What Am I Trying to Prove?
Actually, MINIX 3 and my research generally is **NOT** about microkernels. It is about building highly reliable, self-healing, operating systems. I will consider the job finished when no manufacturer anywhere makes a PC with a reset button. TVs don't have reset buttons. Stereos don't have reset buttons. Cars don't have reset buttons. They are full of software but don't need them. Computers need reset buttons because their software crashes a lot. I know that computer software is different from car software, but users just want them both to work and don't want lectures why they should expect cars to work and computers not to work. I want to build an operating system whose mean time to failure is much longer than the lifetime of the computer so the average user never experiences a crash. MINIX 3 has many specific reliability features. While we are by no means done (e.g. virtual memory is on the agenda for later this year), I think improving reliability is the greatest challenge facing operating systems designers at this moment. The average user does not care about even more features or squeezing the last drop of performance out of the hardware, but cares a lot about having the computer work flawlessly 100% of the time and never crashing. Ask your grandma.

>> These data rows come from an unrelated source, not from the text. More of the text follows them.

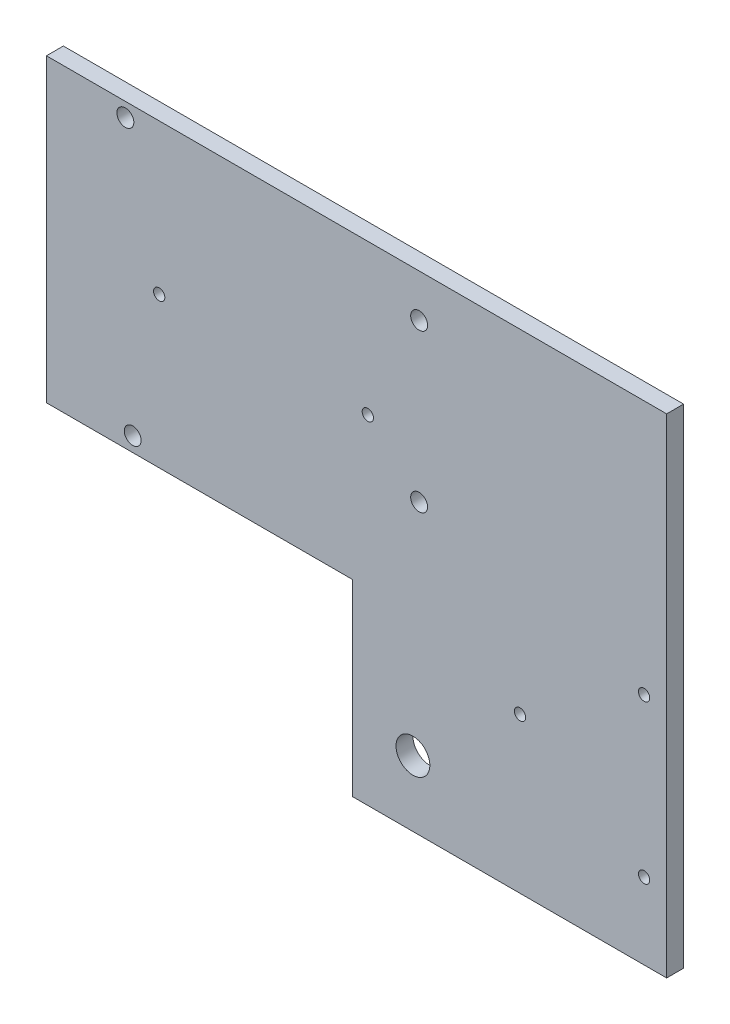
ISO-10303-21;
HEADER;
FILE_DESCRIPTION(('STEP AP214'),'2;1');
FILE_NAME('part.step','',(''),(''),'','','');
FILE_SCHEMA(('AUTOMOTIVE_DESIGN { 1 0 10303 214 1 1 1 1 }'));
ENDSEC;
DATA;
#1=APPLICATION_CONTEXT('core data for automotive mechanical design processes');
#2=APPLICATION_PROTOCOL_DEFINITION('international standard','automotive_design',2000,#1);
#3=PRODUCT_CONTEXT('',#1,'mechanical');
#4=PRODUCT('Part','Part','',(#3));
#5=PRODUCT_RELATED_PRODUCT_CATEGORY('part','',(#4));
#6=PRODUCT_DEFINITION_FORMATION('','',#4);
#7=PRODUCT_DEFINITION_CONTEXT('part definition',#1,'design');
#8=PRODUCT_DEFINITION('design','',#6,#7);
#9=PRODUCT_DEFINITION_SHAPE('','',#8);
#10=(LENGTH_UNIT() NAMED_UNIT(*) SI_UNIT(.MILLI.,.METRE.));
#11=(NAMED_UNIT(*) PLANE_ANGLE_UNIT() SI_UNIT($,.RADIAN.));
#12=(NAMED_UNIT(*) SI_UNIT($,.STERADIAN.) SOLID_ANGLE_UNIT());
#13=UNCERTAINTY_MEASURE_WITH_UNIT(LENGTH_MEASURE(1.E-05),#10,'distance_accuracy_value','');
#14=(GEOMETRIC_REPRESENTATION_CONTEXT(3) GLOBAL_UNCERTAINTY_ASSIGNED_CONTEXT((#13)) GLOBAL_UNIT_ASSIGNED_CONTEXT((#10,
#11,#12)) REPRESENTATION_CONTEXT('',''));
#15=CARTESIAN_POINT('',(0.,0.,0.));
#16=DIRECTION('',(0.,0.,1.));
#17=DIRECTION('',(1.,0.,0.));
#18=AXIS2_PLACEMENT_3D('',#15,#16,#17);
#19=CARTESIAN_POINT('',(0.,0.,3.));
#20=DIRECTION('',(0.,0.,-1.));
#21=DIRECTION('',(-1.,0.,0.));
#22=AXIS2_PLACEMENT_3D('',#19,#20,#21);
#23=PLANE('',#22);
#24=DIRECTION('',(1.,0.,0.));
#25=VECTOR('',#24,1.);
#26=CARTESIAN_POINT('',(26.5899295763963,98.918134130357,3.));
#27=LINE('',#26,#25);
#28=CARTESIAN_POINT('',(26.5899295763963,98.918134130357,3.));
#29=VERTEX_POINT('',#28);
#30=CARTESIAN_POINT('',(136.589929576396,98.918134130357,3.));
#31=VERTEX_POINT('',#30);
#32=EDGE_CURVE('E391',#29,#31,#27,.T.);
#33=ORIENTED_EDGE('',*,*,#32,.F.);
#34=DIRECTION('',(0.,-1.,0.));
#35=VECTOR('',#34,1.);
#36=CARTESIAN_POINT('',(26.5899295763963,98.918134130357,3.));
#37=LINE('',#36,#35);
#38=CARTESIAN_POINT('',(26.5899295763963,45.6181341303578,3.));
#39=VERTEX_POINT('',#38);
#40=EDGE_CURVE('E346',#29,#39,#37,.T.);
#41=ORIENTED_EDGE('',*,*,#40,.T.);
#42=DIRECTION('',(1.,0.,0.));
#43=VECTOR('',#42,1.);
#44=CARTESIAN_POINT('',(26.5899295763963,45.6181341303578,3.));
#45=LINE('',#44,#43);
#46=CARTESIAN_POINT('',(80.8899295763956,45.6181341303578,3.));
#47=VERTEX_POINT('',#46);
#48=EDGE_CURVE('E338',#39,#47,#45,.T.);
#49=ORIENTED_EDGE('',*,*,#48,.T.);
#50=DIRECTION('',(0.,1.,0.));
#51=VECTOR('',#50,1.);
#52=CARTESIAN_POINT('',(80.8899295763956,12.2681341303574,3.));
#53=LINE('',#52,#51);
#54=CARTESIAN_POINT('',(80.8899295763956,12.2681341303574,3.));
#55=VERTEX_POINT('',#54);
#56=EDGE_CURVE('E344',#55,#47,#53,.T.);
#57=ORIENTED_EDGE('',*,*,#56,.F.);
#58=DIRECTION('',(-1.,0.,0.));
#59=VECTOR('',#58,1.);
#60=CARTESIAN_POINT('',(136.589929576396,12.2681341303574,3.));
#61=LINE('',#60,#59);
#62=CARTESIAN_POINT('',(136.589929576396,12.2681341303574,3.));
#63=VERTEX_POINT('',#62);
#64=EDGE_CURVE('E363',#63,#55,#61,.T.);
#65=ORIENTED_EDGE('',*,*,#64,.F.);
#66=DIRECTION('',(0.,-1.,0.));
#67=VECTOR('',#66,1.);
#68=CARTESIAN_POINT('',(136.589929576396,98.918134130357,3.));
#69=LINE('',#68,#67);
#70=EDGE_CURVE('E366',#31,#63,#69,.T.);
#71=ORIENTED_EDGE('',*,*,#70,.F.);
#72=EDGE_LOOP('',(#33,#41,#49,#57,#65,#71));
#73=FACE_BOUND('',#72,.T.);
#74=CARTESIAN_POINT('',(40.5899295763963,96.418134130357,3.));
#75=DIRECTION('',(0.,0.,1.));
#76=DIRECTION('',(1.,0.,0.));
#77=AXIS2_PLACEMENT_3D('',#74,#75,#76);
#78=CIRCLE('',#77,1.5);
#79=CARTESIAN_POINT('',(42.0899295763963,96.418134130357,3.));
#80=VERTEX_POINT('',#79);
#81=EDGE_CURVE('E377',#80,#80,#78,.T.);
#82=ORIENTED_EDGE('',*,*,#81,.F.);
#83=EDGE_LOOP('',(#82));
#84=FACE_BOUND('',#83,.T.);
#85=CARTESIAN_POINT('',(46.5899295763963,72.2681341303574,3.));
#86=DIRECTION('',(0.,0.,1.));
#87=DIRECTION('',(1.,0.,0.));
#88=AXIS2_PLACEMENT_3D('',#85,#86,#87);
#89=CIRCLE('',#88,1.);
#90=CARTESIAN_POINT('',(47.5899295763963,72.2681341303574,3.));
#91=VERTEX_POINT('',#90);
#92=EDGE_CURVE('E414',#91,#91,#89,.T.);
#93=ORIENTED_EDGE('',*,*,#92,.F.);
#94=EDGE_LOOP('',(#93));
#95=FACE_BOUND('',#94,.T.);
#96=CARTESIAN_POINT('',(41.8899295763993,48.2181341303581,3.));
#97=DIRECTION('',(0.,0.,1.));
#98=DIRECTION('',(1.,0.,0.));
#99=AXIS2_PLACEMENT_3D('',#96,#97,#98);
#100=CIRCLE('',#99,1.5);
#101=CARTESIAN_POINT('',(43.3899295763993,48.2181341303581,3.));
#102=VERTEX_POINT('',#101);
#103=EDGE_CURVE('E422',#102,#102,#100,.T.);
#104=ORIENTED_EDGE('',*,*,#103,.F.);
#105=EDGE_LOOP('',(#104));
#106=FACE_BOUND('',#105,.T.);
#107=CARTESIAN_POINT('',(83.5899295763963,72.2681341303574,3.));
#108=DIRECTION('',(0.,0.,1.));
#109=DIRECTION('',(1.,0.,0.));
#110=AXIS2_PLACEMENT_3D('',#107,#108,#109);
#111=CIRCLE('',#110,1.);
#112=CARTESIAN_POINT('',(84.5899295763963,72.2681341303574,3.));
#113=VERTEX_POINT('',#112);
#114=EDGE_CURVE('E430',#113,#113,#111,.T.);
#115=ORIENTED_EDGE('',*,*,#114,.F.);
#116=EDGE_LOOP('',(#115));
#117=FACE_BOUND('',#116,.T.);
#118=CARTESIAN_POINT('',(92.6899295763985,91.3181341303567,3.));
#119=DIRECTION('',(0.,0.,1.));
#120=DIRECTION('',(1.,0.,0.));
#121=AXIS2_PLACEMENT_3D('',#118,#119,#120);
#122=CIRCLE('',#121,1.5);
#123=CARTESIAN_POINT('',(94.1899295763985,91.3181341303567,3.));
#124=VERTEX_POINT('',#123);
#125=EDGE_CURVE('E438',#124,#124,#122,.T.);
#126=ORIENTED_EDGE('',*,*,#125,.F.);
#127=EDGE_LOOP('',(#126));
#128=FACE_BOUND('',#127,.T.);
#129=CARTESIAN_POINT('',(92.6899295763985,63.418134130357,3.));
#130=DIRECTION('',(0.,0.,1.));
#131=DIRECTION('',(1.,0.,0.));
#132=AXIS2_PLACEMENT_3D('',#129,#130,#131);
#133=CIRCLE('',#132,1.5);
#134=CARTESIAN_POINT('',(94.1899295763985,63.418134130357,3.));
#135=VERTEX_POINT('',#134);
#136=EDGE_CURVE('E446',#135,#135,#133,.T.);
#137=ORIENTED_EDGE('',*,*,#136,.F.);
#138=EDGE_LOOP('',(#137));
#139=FACE_BOUND('',#138,.T.);
#140=CARTESIAN_POINT('',(110.589929576396,39.7681341303574,3.));
#141=DIRECTION('',(0.,0.,1.));
#142=DIRECTION('',(1.,0.,0.));
#143=AXIS2_PLACEMENT_3D('',#140,#141,#142);
#144=CIRCLE('',#143,1.);
#145=CARTESIAN_POINT('',(111.589929576396,39.7681341303574,3.));
#146=VERTEX_POINT('',#145);
#147=EDGE_CURVE('E454',#146,#146,#144,.T.);
#148=ORIENTED_EDGE('',*,*,#147,.F.);
#149=EDGE_LOOP('',(#148));
#150=FACE_BOUND('',#149,.T.);
#151=CARTESIAN_POINT('',(132.589929576396,53.7681341303556,3.));
#152=DIRECTION('',(0.,0.,1.));
#153=DIRECTION('',(1.,0.,0.));
#154=AXIS2_PLACEMENT_3D('',#151,#152,#153);
#155=CIRCLE('',#154,1.);
#156=CARTESIAN_POINT('',(133.589929576396,53.7681341303556,3.));
#157=VERTEX_POINT('',#156);
#158=EDGE_CURVE('E462',#157,#157,#155,.T.);
#159=ORIENTED_EDGE('',*,*,#158,.F.);
#160=EDGE_LOOP('',(#159));
#161=FACE_BOUND('',#160,.T.);
#162=CARTESIAN_POINT('',(91.5899295763963,23.918134130357,3.));
#163=DIRECTION('',(0.,0.,1.));
#164=DIRECTION('',(1.,0.,0.));
#165=AXIS2_PLACEMENT_3D('',#162,#163,#164);
#166=CIRCLE('',#165,3.);
#167=CARTESIAN_POINT('',(94.5899295763963,23.918134130357,3.));
#168=VERTEX_POINT('',#167);
#169=EDGE_CURVE('E470',#168,#168,#166,.T.);
#170=ORIENTED_EDGE('',*,*,#169,.F.);
#171=EDGE_LOOP('',(#170));
#172=FACE_BOUND('',#171,.T.);
#173=CARTESIAN_POINT('',(132.589929576396,25.7681341303556,3.));
#174=DIRECTION('',(0.,0.,1.));
#175=DIRECTION('',(1.,0.,0.));
#176=AXIS2_PLACEMENT_3D('',#173,#174,#175);
#177=CIRCLE('',#176,1.);
#178=CARTESIAN_POINT('',(133.589929576396,25.7681341303556,3.));
#179=VERTEX_POINT('',#178);
#180=EDGE_CURVE('E478',#179,#179,#177,.T.);
#181=ORIENTED_EDGE('',*,*,#180,.F.);
#182=EDGE_LOOP('',(#181));
#183=FACE_BOUND('',#182,.T.);
#184=ADVANCED_FACE('F279',(#73,#84,#95,#106,#117,#128,#139,#150,#161,#172,#183),#23,.F.);
#185=CARTESIAN_POINT('',(0.,0.,0.));
#186=DIRECTION('',(0.,0.,-1.));
#187=DIRECTION('',(-1.,0.,0.));
#188=AXIS2_PLACEMENT_3D('',#185,#186,#187);
#189=PLANE('',#188);
#190=CARTESIAN_POINT('',(91.5899295763963,23.918134130357,0.));
#191=DIRECTION('',(0.,0.,1.));
#192=DIRECTION('',(1.,0.,0.));
#193=AXIS2_PLACEMENT_3D('',#190,#191,#192);
#194=CIRCLE('',#193,3.);
#195=CARTESIAN_POINT('',(94.5899295763963,23.918134130357,0.));
#196=VERTEX_POINT('',#195);
#197=EDGE_CURVE('E474',#196,#196,#194,.T.);
#198=ORIENTED_EDGE('',*,*,#197,.T.);
#199=EDGE_LOOP('',(#198));
#200=FACE_BOUND('',#199,.T.);
#201=CARTESIAN_POINT('',(110.589929576396,39.7681341303574,0.));
#202=DIRECTION('',(0.,0.,1.));
#203=DIRECTION('',(1.,0.,0.));
#204=AXIS2_PLACEMENT_3D('',#201,#202,#203);
#205=CIRCLE('',#204,1.);
#206=CARTESIAN_POINT('',(111.589929576396,39.7681341303574,0.));
#207=VERTEX_POINT('',#206);
#208=EDGE_CURVE('E458',#207,#207,#205,.T.);
#209=ORIENTED_EDGE('',*,*,#208,.T.);
#210=EDGE_LOOP('',(#209));
#211=FACE_BOUND('',#210,.T.);
#212=CARTESIAN_POINT('',(92.6899295763985,91.3181341303567,0.));
#213=DIRECTION('',(0.,0.,1.));
#214=DIRECTION('',(1.,0.,0.));
#215=AXIS2_PLACEMENT_3D('',#212,#213,#214);
#216=CIRCLE('',#215,1.5);
#217=CARTESIAN_POINT('',(94.1899295763985,91.3181341303567,0.));
#218=VERTEX_POINT('',#217);
#219=EDGE_CURVE('E442',#218,#218,#216,.T.);
#220=ORIENTED_EDGE('',*,*,#219,.T.);
#221=EDGE_LOOP('',(#220));
#222=FACE_BOUND('',#221,.T.);
#223=CARTESIAN_POINT('',(41.8899295763993,48.2181341303581,0.));
#224=DIRECTION('',(0.,0.,1.));
#225=DIRECTION('',(1.,0.,0.));
#226=AXIS2_PLACEMENT_3D('',#223,#224,#225);
#227=CIRCLE('',#226,1.5);
#228=CARTESIAN_POINT('',(43.3899295763993,48.2181341303581,0.));
#229=VERTEX_POINT('',#228);
#230=EDGE_CURVE('E426',#229,#229,#227,.T.);
#231=ORIENTED_EDGE('',*,*,#230,.T.);
#232=EDGE_LOOP('',(#231));
#233=FACE_BOUND('',#232,.T.);
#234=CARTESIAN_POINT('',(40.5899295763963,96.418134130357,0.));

So what do microkernels have to do with this goal? They make it possible to build self-healing systems. That is what I care about and my research is about. Moving most of the OS to a bunch of user processes, one for each driver plus various servers, does not reduce the number of bugs in the code but it greatly reduces the ability of each bug to do serious damage and it also reduces the size of the trusted computing base. In our design, when most drivers fail, the reincarnation server can restart a fresh copy, and optionally save the core image of the dead driver for debugging, log the event, send email to an administrator or developer, etc. The system continues to run, and at the very least can be shut down gracefully without loss of work or data. Some components, such as the reincarnation server itself, the file server, and the process server are critical, and losing them crashes the system, but there is absolutely no reason to allow a faulty audio, printer, or scanner driver to wipe out the system. They should just be restarted and work should continue. This is our goal: systems that can detect and repair their own faults. You can do this easily in a microkernel system. It is much harder in a monolithic kernel, although researchers at the University of Washington have done some good work with Nooks and a group at the University of Karlsruhe has also done interesting work with virtual machine technology.
Linus on Linux
Late update. Linus has come to realize that Linux has become awfully bloated. Seehere for his comments.
Homework
Before pontificating about what microkernels can and cannot do, go get and try MINIX 3 and be an informed pontificator. It increases your credibility. To learn more about the MINIX 3 design, see the paper in the May IEEE Computer, this paper on modular programming that just appeared in USENIX ;login, or thistechnical report.
If you have made it this far, thank you for your time.